=== THE DATA ===

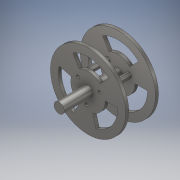
# Autodesk Inventor part: platform_wheel
Saved by Autodesk Inventor 2019 (Build 230136000, 136)
## iProperties
Created: 2020-06-10
Part Number: platform_wheel
Material: Generic
Document SubType Name: Modeling
Designer: Jorge
Density: 1 g/cm^3
Appearance: Default
Author: Jorge
Autodesk Inventor part; units mm, degrees
ref_plane "YZ Plane" through (0, 0, 0) normal (1, 0, 0) x (0, 1, 0)
ref_plane "XZ Plane" through (0, 0, 0) normal (0, 1, 0) x (-1, 0, 0)
ref_plane "XY Plane" through (0, 0, 0) normal (0, 0, 1) x (1, 0, 0)
sketch "Sketch1" plane through (0, 0, 0) normal (0, 0, 1) x (1, 0, 0)
  circle A0 centre (0, 0) radius 24
  circle A1 centre (0, 0) radius 3.5
  arc A2 (7.6927, 7.8627) -> (-5.6038, 9.4656) centre (0, 0) ccw
  line L0 (0, 0) -> (7.6927, 7.8627) construction
  line L1 (0, 0) -> (-5.6038, 9.4656) construction
  arc A3 (13.2874, 13.5811) -> (-9.6793, 16.3497) centre (0, 0) ccw
  line L2 (0, 0) -> (13.2874, 13.5811) construction
  line L3 (0, 0) -> (-9.6793, 16.3497) construction
  line L4 (-5.6038, 9.4656) -> (-9.6793, 16.3497)
  line L5 (7.6927, 7.8627) -> (13.2874, 13.5811)
  arc A4 (5.1178, -18.2977) -> (18.9989, 0.2077) centre (0, 0) ccw
  line L6 (0, 0) -> (18.9989, 0.2077) construction
  line L7 (10.9993, 0.1202) -> (18.9989, 0.2077)
  line L8 (0, 0) -> (5.1178, -18.2977) construction
  line L9 (2.963, -10.5934) -> (5.1178, -18.2977)
  arc A5 (2.963, -10.5934) -> (10.9993, 0.1202) centre (0, 0) ccw
  arc A6 (-18.4052, 4.7167) -> (-9.3196, -16.5573) centre (0, 0) ccw
  line L10 (0, 0) -> (-9.3196, -16.5573) construction
  line L11 (-5.3956, -9.5858) -> (-9.3196, -16.5573)
  line L12 (0, 0) -> (-18.4052, 4.7167) construction
  line L13 (-10.6557, 2.7307) -> (-18.4052, 4.7167)
  arc A7 (-10.6557, 2.7307) -> (-5.3956, -9.5858) centre (0, 0) ccw
  circle A8 centre (-6.3997, 4.8004) radius 1
  line L14 (-6.3997, 4.8004) -> (0, 0) construction
  circle A9 centre (-0.9575, -7.9425) radius 1
  circle A10 centre (7.3571, 3.1421) radius 1
  dimension "d0" = 48
  dimension "d1" = 7
  dimension "d2" = 11
  dimension "a1" = 75
  dimension "d4" = 19
  dimension "d5" = 75
  dimension "d8" = 360
  dimension "d10" = 2
  dimension "d11" = 8
  dimension "d12" = 22.5
  dimension "d15" = 360
  constraints: 30 end point, 12 point on circle, 11 centre point, 6 coincident, 1 collinear, 44 other
  measures "d0" diameter of A0
  measures "d1" diameter of A1
  measures "d2" radius of A2
  measures "a1" angle of L0 L1
  measures "d4" radius of A3
  measures "d5" angle of L2 L3
  measures "d10" diameter of A8
  measures "d11" distance of L14.start L14.end
  measures "d12" angle of L1 L14
extrude "Extrusion1" add sketch "Sketch1" along normal blind 2
extrude "Extrusion2" add sketch "Sketch1" along normal blind 21 contours A1
sketch "Sketch2" plane through (0, 0, 21) normal (0, 0, 1) x (1, 0, 0)
  line L0 (-18.4052, 4.7167) -> (-10.6557, 2.7307) projected
  arc A0 (-10.6557, 2.7307) -> (-5.3956, -9.5858) centre (0, 0) ccw projected
  line L1 (-5.3956, -9.5858) -> (-9.3196, -16.5573) projected
  arc A1 (-18.4052, 4.7167) -> (-9.3196, -16.5573) centre (0, 0) ccw projected
  line L2 (5.1178, -18.2977) -> (2.963, -10.5934) projected
  arc A2 (2.963, -10.5934) -> (10.9993, 0.1202) centre (0, 0) ccw projected
  line L3 (10.9993, 0.1202) -> (18.9989, 0.2077) projected
  arc A3 (5.1178, -18.2977) -> (18.9989, 0.2077) centre (0, 0) ccw projected
  line L4 (-5.6038, 9.4656) -> (-9.6793, 16.3497) projected
  arc A4 (13.2874, 13.5811) -> (-9.6793, 16.3497) centre (0, 0) ccw projected
  line L5 (13.2874, 13.5811) -> (7.6927, 7.8627) projected
  arc A5 (7.6927, 7.8627) -> (-5.6038, 9.4656) centre (0, 0) ccw projected
  circle A6 centre (0, 0) radius 3.5 projected
  circle A7 centre (7.3571, 3.1421) radius 1 projected
  circle A8 centre (-0.9575, -7.9425) radius 1 projected
  circle A9 centre (-6.3997, 4.8004) radius 1 projected
  circle A10 centre (0, 0) radius 24 projected
extrude "Extrusion3" add sketch "Sketch2" against normal blind 2
sketch "Sketch3" plane through (0, 0, 19) normal (0, 0, -1) x (-1, 0, 0)
  circle A0 centre (0, 0) radius 24 projected
  circle A1 centre (-7.3571, 3.1421) radius 1 projected
  circle A2 centre (0.9575, -7.9425) radius 1 projected
  circle A3 centre (6.3997, 4.8004) radius 1 projected
  arc A4 (9.3196, -16.5573) -> (18.4052, 4.7167) centre (0, 0) ccw projected
  line L0 (18.4052, 4.7167) -> (10.6557, 2.7307) projected
  arc A5 (5.3956, -9.5858) -> (10.6557, 2.7307) centre (0, 0) ccw projected
  line L1 (5.3956, -9.5858) -> (9.3196, -16.5573) projected
  arc A6 (-18.9989, 0.2077) -> (-5.1178, -18.2977) centre (0, 0) ccw projected
  line L2 (-5.1178, -18.2977) -> (-2.963, -10.5934) projected
  arc A7 (-10.9993, 0.1202) -> (-2.963, -10.5934) centre (0, 0) ccw projected
  line L3 (-10.9993, 0.1202) -> (-18.9989, 0.2077) projected
  arc A8 (5.6038, 9.4656) -> (-7.6927, 7.8627) centre (0, 0) ccw projected
  line L4 (5.6038, 9.4656) -> (9.6793, 16.3497) projected
  arc A9 (9.6793, 16.3497) -> (-13.2874, 13.5811) centre (0, 0) ccw projected
  line L5 (-13.2874, 13.5811) -> (-7.6927, 7.8627) projected
  circle A10 centre (0.9575, -7.9425) radius 1 projected
  line L6 (-0.6354, -7.2622) -> (0.7502, -6.2229)
  line L7 (0.7502, -6.2229) -> (2.343, -6.9032)
  line L8 (2.343, -6.9032) -> (2.5503, -8.6228)
  line L9 (2.5503, -8.6228) -> (1.1648, -9.6621)
  line L10 (1.1648, -9.6621) -> (-0.4281, -8.9818)
  line L11 (-0.4281, -8.9818) -> (-0.6354, -7.2622)
  line L12 (0, 0) -> (0.9575, -7.9425) construction
  line L13 (0, 0) -> (6.3997, 4.8004) construction
  line L14 (7.9925, 4.1202) -> (6.607, 3.0808)
  line L15 (6.607, 3.0808) -> (5.0141, 3.7611)
  line L16 (5.0141, 3.7611) -> (4.8068, 5.4807)
  line L17 (7.7852, 5.8398) -> (7.9925, 4.1202)
  line L18 (4.8068, 5.4807) -> (6.1924, 6.52)
  line L19 (6.1924, 6.52) -> (7.7852, 5.8398)
  line L20 (0, 0) -> (-7.3571, 3.1421) construction
  line L21 (-7.5644, 4.8617) -> (-5.9716, 4.1814)
  line L22 (-5.9716, 4.1814) -> (-5.7643, 2.4618)
  line L23 (-5.7643, 2.4618) -> (-7.1498, 1.4225)
  line L24 (-8.95, 3.8223) -> (-7.5644, 4.8617)
  line L25 (-7.1498, 1.4225) -> (-8.7427, 2.1027)
  line L26 (-8.7427, 2.1027) -> (-8.95, 3.8223)
  dimension "d23" = 3
  dimension "d26" = 360
  constraints: 42 end point, 3 coincident, 3 point on line, 65 other
  measures "d23" distance between parallel lines of L11 L8
extrude "Extrusion4" add sketch "Sketch3" along normal blind 17 contours L6 L7 L8 L9 L10 L11 | L14 L15 L16 L18 L19 L17 | L21 L22 L23 L25 L26 L24
sketch "Sketch4" plane through (0, 0, 21) normal (0, 0, 1) x (1, 0, 0)
  circle A0 centre (0, 0) radius 3.25
  dimension "d30" = 6.5
  constraints: 1 centre point, 1 coincident
  measures "d30" diameter of A0
extrude "Extrusion5" add sketch "Sketch4" along normal blind 18.5
equation "\"d5\" = a1"
body "Solid1"
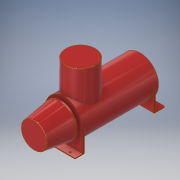
# Autodesk Inventor part: Compressor_PX06
Saved by Autodesk Inventor 2018 (Build 220112000, 112)
## iProperties
Created: 2017-11-21
Part Number: Compressor_PX06
Material: Polyethylene, High Density
Document SubType Name: Modeling
Designer: P136265
Density: 0.952 g/cm^3
Appearance: Smooth - Off-White
Mass: 2273.74 g
Surface Area: 1454.95 cm^2
Volume: 2388.38 cm^3
Author: P136265
Autodesk Inventor part; units mm, degrees
ref_plane "YZ Plane" through (0, 0, 0) normal (1, 0, 0) x (0, 1, 0)
sketch "Sketch1" plane through (0, 0, 0) normal (0, 0, 1) x (1, 0, 0)
  circle A0 centre (0, 0) radius 50
  dimension "d0" = 100
  constraints: 1 centre point, 1 coincident
  measures "d0" diameter of A0
extrude "Extrusion1" add sketch "Sketch1" along normal blind 205
sketch "Sketch2" plane through (0, 0, 0) normal (1, 0, 0) x (0, 1, 0)
  line L0 (-50, 0) -> (50, 0) construction
  line L1 (0, 0) -> (0, -80)
  line L2 (0, -80) -> (35, -80)
  line L3 (0, 0) -> (5, 0)
  line L4 (5, 0) -> (5, -3.5)
  line L5 (9, -7.5) -> (45, -7.5)
  line L6 (45, -7.5) -> (45, -12.5)
  line L7 (45, -12.5) -> (35, -80)
  arc A0 (5, -3.5) -> (9, -7.5) centre (9, -3.5) ccw
  point P0 (5, -7.5)
  dimension "d3" = 80
  dimension "d4" = 35
  dimension "d5" = 5
  dimension "d6" = 7.5
  dimension "d7" = 40
  dimension "d8" = 5
  dimension "d9" = 4
  constraints: 14 end point, 3 perpendicular, 3 point on line, 2 point on circle, 2 tangent, 2 vertical, 1 centre point
  measures "d3" distance of L1.start L1.end
  measures "d4" distance of L1.end L2.end
  measures "d5" distance of L1.start L3.end
  measures "d6" distance of L3.end point (5, -7.5)
  measures "d7" distance of point (5, -7.5) L5.end
  measures "d8" distance of L5.end L6.end
  measures "d9" radius of A0
revolve "Revolution1" add sketch "Sketch2" angle 360 about axis through (0, 0, 0) along (0, 0, -1)
ref_plane "Work Plane1" through (0, 120, 0) normal (0, 1, 0) x (-1, 0, 0)
sketch "Sketch3" plane through (0, 120, 0) normal (0, 1, 0) x (-1, 0, 0)
  line L0 (-50, 0) -> (50, 0) construction
  circle A0 centre (0, 45) radius 40
  line L1 (-50, 0) -> (-50, 205) construction
  point P0 (0, 0)
  dimension "d19" = 80
  dimension "d20" = 45
  dimension "d21" = 50
  constraints: 1 centre point
  measures "d19" diameter of A0
  measures "d20" distance of point (0, 0) A0.centre
  measures "d21" distance from line of L1 A0.centre
extrude "Extrusion2" add sketch "Sketch3" against normal blind 90
ref_plane "Work Plane2" through (0, 0, 195) normal (0, 0, 1) x (1, 0, 0)
sketch "Sketch4" plane through (0, 0, 195) normal (0, 0, 1) x (1, 0, 0)
  circle A0 centre (0, -60) radius 50 construction
  circle A1 centre (0, 0) radius 45 construction
  arc A2 (-44.9972, -0.4998) -> (44.9999, 0.1033) centre (0.0033, -0.4998) ccw
  line L0 (-50, -60) -> (50, -60)
  circle A3 centre (0, 0) radius 50 construction
  line L1 (-50, -60) -> (-50, 0)
  circle A4 centre (0, 0) radius 50 construction
  line L2 (50, -60) -> (50, 0)
  arc A5 (-50, 0) -> (50, 0) centre (0, 0) ccw
  point P0 (-44.9972, -38.1998)
  point P1 (44.9999, -81.7947)
  dimension "d26" = 100
  dimension "d27" = 60
  dimension "d29" = 90
  constraints: 10 point on circle, 6 end point, 4 centre point, 2 horizontal alignment, 2 tangent, 1 coincident, 1 horizontal, 1 parallel, 1 vertical, 1 vertical alignment, 2 other
  measures "d26" diameter of A0
  measures "d27" distance of point (0, 0) A0.centre
  measures "d29" diameter of A1
extrude "Extrusion3" add sketch "Sketch4" against normal blind 5
sketch "Sketch7" plane through (0, 0, 0) normal (0, 0, -1) x (-1, 0, 0)
  line L0 (-50, -60) -> (50, -60) construction
  line L1 (50, -60) -> (50, 0) construction
  arc A0 (-50, 0) -> (50, 0) centre (0, 0) ccw construction
  line L2 (-50, 0) -> (-50, -60) construction
  line L3 (-50, -60) -> (50, -60)
  line L4 (50, -60) -> (50, 0)
  circle A1 centre (0, 0) radius 50 construction
  line L5 (-50, -60) -> (50, -60) projected
  line L6 (-50, 0) -> (-50, -60) projected
  line L7 (-50, -60) -> (-50, 0)
  arc A2 (-50, 0) -> (50, 0) centre (0, 0) ccw
  constraints: 6 end point, 3 tangent, 2 point on circle, 1 centre point, 1 collinear, 1 horizontal, 1 perpendicular
extrude "Extrusion5" add sketch "Sketch7" against normal blind 5
sketch "Sketch8" plane through (0, 0, 0) normal (0, 0, -1) x (-1, 0, 0)
  line L0 (50, -60) -> (-50, -60) projected
  line L1 (50, 0) -> (50, -60) construction
  line L2 (-50, -60) -> (50, -60)
  line L3 (50, -60) -> (50, -57.5)
  line L4 (50, -57.5) -> (-50, -57.5)
  line L5 (-50, -57.5) -> (-50, -60)
  point P0 (0, 0)
  dimension "d37" = 2.5
  constraints: 8 end point, 2 parallel, 1 horizontal, 1 perpendicular, 1 point on line
  measures "d37" distance of L3.end L2.end
extrude "Extrusion6" add sketch "Sketch8" along normal blind 20
sketch "Sketch9" plane through (-50, -57.5, 0) normal (0, 1, 0) x (1, 0, 0)
  circle A0 centre (20, 12.5) radius 5 construction
  circle A1 centre (80, 12.5) radius 5 construction
  line L0 (0, 0) -> (0, 20) construction
  line L1 (100, 0) -> (0, 0) construction
  point P0 (50, 0)
  dimension "d40" = 10
  dimension "d41" = 10
  dimension "d42" = 60
  dimension "d43" = 20
  dimension "d45" = 12.5
  constraints: 2 centre point, 1 horizontal alignment
  measures "d40" diameter of A0
  measures "d41" diameter of A1
  measures "d42" distance of A0.centre A1.centre
  measures "d43" distance from line of L0 A0.centre
  measures "d45" distance from line of L1 A0.centre
hole "Hole1" at (-30, -57.5, -12.5) at (30, -57.5, -12.5) direction (0, -1, 0) diameter 5 end through all
sketch "Sketch10" plane through (0, 0, 195) normal (0, 0, 1) x (1, 0, 0)
  line L0 (50, 0) -> (50, -60) construction
  line L1 (-50, -60) -> (50, -60)
  line L2 (50, -60) -> (50, -57.5)
  line L3 (50, -57.5) -> (-50, -57.5)
  line L4 (-50, -57.5) -> (-50, -60)
  point P0 (0, 0)
  dimension "d53" = 2.5
  constraints: 8 end point, 2 parallel, 1 horizontal, 1 perpendicular, 1 point on line
  measures "d53" distance of L2.end L1.end
extrude "Extrusion7" add sketch "Sketch10" along normal blind 25
sketch "Sketch11" plane through (-50, -57.5, 195) normal (0, 1, 0) x (1, 0, 0)
  circle A0 centre (20, -17.5) radius 5 construction
  circle A1 centre (80, -17.5) radius 5 construction
  line L0 (100, -25) -> (0, -25) construction
  line L1 (0, 0) -> (0, -25) construction
  point P0 (50, 195)
  dimension "d56" = 10
  dimension "d57" = 10
  dimension "d58" = 7.5
  dimension "d59" = 20
  dimension "d60" = 60
  constraints: 2 centre point, 1 horizontal alignment
  measures "d56" diameter of A0
  measures "d57" diameter of A1
  measures "d58" distance from line of L0 A1.centre
  measures "d59" distance from line of L1 A0.centre
  measures "d60" distance of A1.centre A0.centre
hole "Hole2" at (-30, -57.5, 212.5) at (30, -57.5, 212.5) direction (0, -1, 0) diameter 5 end through all
fillet "Fillet1" radius 2 9 edges at (-50, 0, 205) (-50, -58.75, 220) (50, -58.75, 220) (-50, -58.75, -20) (50, -58.75, -20) (0, -60, 5) (0, -60, 190) (0, -35, -80) (40, 120, 45)
body "Solid1"
e8f409db-14d5-41d7-b1c2-7f1d888f9dd6 (Autodesk Fusion 360 design; units mm, degrees)
Autodesk Fusion 360 part; units mm, degrees
sketch "Sketch2" plane through (0, 0, 0) normal (1, 0, 0) x (0, 1, 0)
  line L0 (0, 0) -> (11.1252, 0) construction
  line L1 (22.5298, 0) -> (11.1252, 0) construction
  circle A0 centre (16.8275, 0) radius 5.7023
  dimension "d1" = 11.1252
  dimension "d2" = 22.5298
  constraint coincident L0.start origin
  constraint horizontal L0
  constraint parallel L0 L1
  constraint midpoint L1 A0.centre
  constraint coincident L1.start A0
  measures "d1" distance of L0.start L0.end
  measures "d2" distance of L0.start L1.start
revolve "Revolve4" add sketch "Sketch2" angle 360 about axis through (0, 0, 1.75) along (0, 0, 1) makes body 1
ref_plane "WorkPlane1" through (-22.5298, 0, 0) normal (1, 0, 0) x (0, 1, 0)
ref_plane "WorkPlane2" through (47.3202, 0, 0) normal (1, 0, 0) x (0, 1, 0)
ref_plane "WorkPlane3" through (18.7452, 0, 0) normal (1, 0, 0) x (0, 1, 0)
sketch "Sketch6" plane through (18.7452, 0, 0) normal (1, 0, 0) x (0, 1, 0)
  circle A0 centre (0, 0) radius 3.9688
  dimension "d31" = 7.9375
  constraint coincident A0.centre origin
  measures "d31" diameter of A0
extrude "Extrude1" add sketch "Sketch6" along normal up to surface (28.575 mm away) separate body makes body 2
ref_plane "WorkPlane4" through (16.8275, 0, 0) normal (1, 0, 0) x (0, 1, 0)
sketch "Sketch7" plane through (0, 0, 0) normal (0, 0, 1) x (1, 0, 0)
  line L0 (16.8275, 0.75) -> (16.8275, 21.75)
  line L1 (0, 0) -> (76.2, 0) construction
  line L2 (16.8275, 18.7283) -> (16.8275, -25.4) construction
  line L3 (16.8275, 0) -> (28.7338, 0)
  line L4 (28.7337, 0) -> (28.7337, 7.0323)
  line L5 (16.8275, 0) -> (16.8275, 3.9688)
  line L6 (26.4749, 8.4709) -> (16.8275, 3.9687)
  arc A0 (28.7337, 7.0323) -> (26.4749, 8.4709) centre (27.1462, 7.0323) ccw
  point P0 (28.7337, 9.525)
  dimension "d40" = 11.9062
  dimension "d41" = 9.525
  dimension "d42" = 3.9688
  dimension "d43" = 1.5875
  constraint coincident L1.start origin
  constraint horizontal L1
  constraint coincident L0 L2.start
  constraint parallel L0 L2
  constraint coincident L2 L3.start
  constraint coincident L1 L3.start
  constraint perpendicular L2 L3
  constraint perpendicular L3 L4
  constraint perpendicular L3 L5
  constraint coincident P0 L4
  constraint coincident P0 L6
  constraint tangent L4 A0
  constraint tangent L6 A0
  measures "d40" distance of L3.start L4.start
  measures "d41" distance of L4.start P0
  measures "d42" distance of L3.start L5.end
  measures "d43" radius of A0
revolve "Revolve5" add sketch "Sketch7" angle 360 about axis through (0, 0, 0) along (1, 0, 0) bodies 1 2
thread "Thread2" "ANSI Unified Screw Threads 0.3125 5/16-18 UNC 3A" major diameter 7.8283 minor diameter 6.2586 pitch 1.4111 angle 60 modelled right hand crest width 0.2172 on face at (34.9292, 3.949, 0.3952) crest through (28.381, 3.9141, 0) on bodies 1
fillet "Fillet2" radius 1.5875 1 edges at (21.649, -6.2123, 0.284) on bodies 1
equation "d27 = -d2"
equation "d28 = 2.750 in"
equation "d30 = -1.125 in"
equation "EyeInner = d1"
equation "EyeOuter = d2"
equation "ThreadDia = d31"
equation "TotalLength = d28"
equation "ShankLength = d30"
equation "d39 = d1 + ( ( d2 - d1 ) ) / 2"
equation "d40 = d31 * 1.5"
equation "d41 = d31 * 1.2"
equation "d42 = d31 / 2"
equation "d43 = d31 * 0.2"
equation "d45 = d31 * 0.2"

=== AIM OF THE TASK ===
Say how many of the lines above include the string "from", and give no other words.

=== EXERCISE RESPONSE ===
5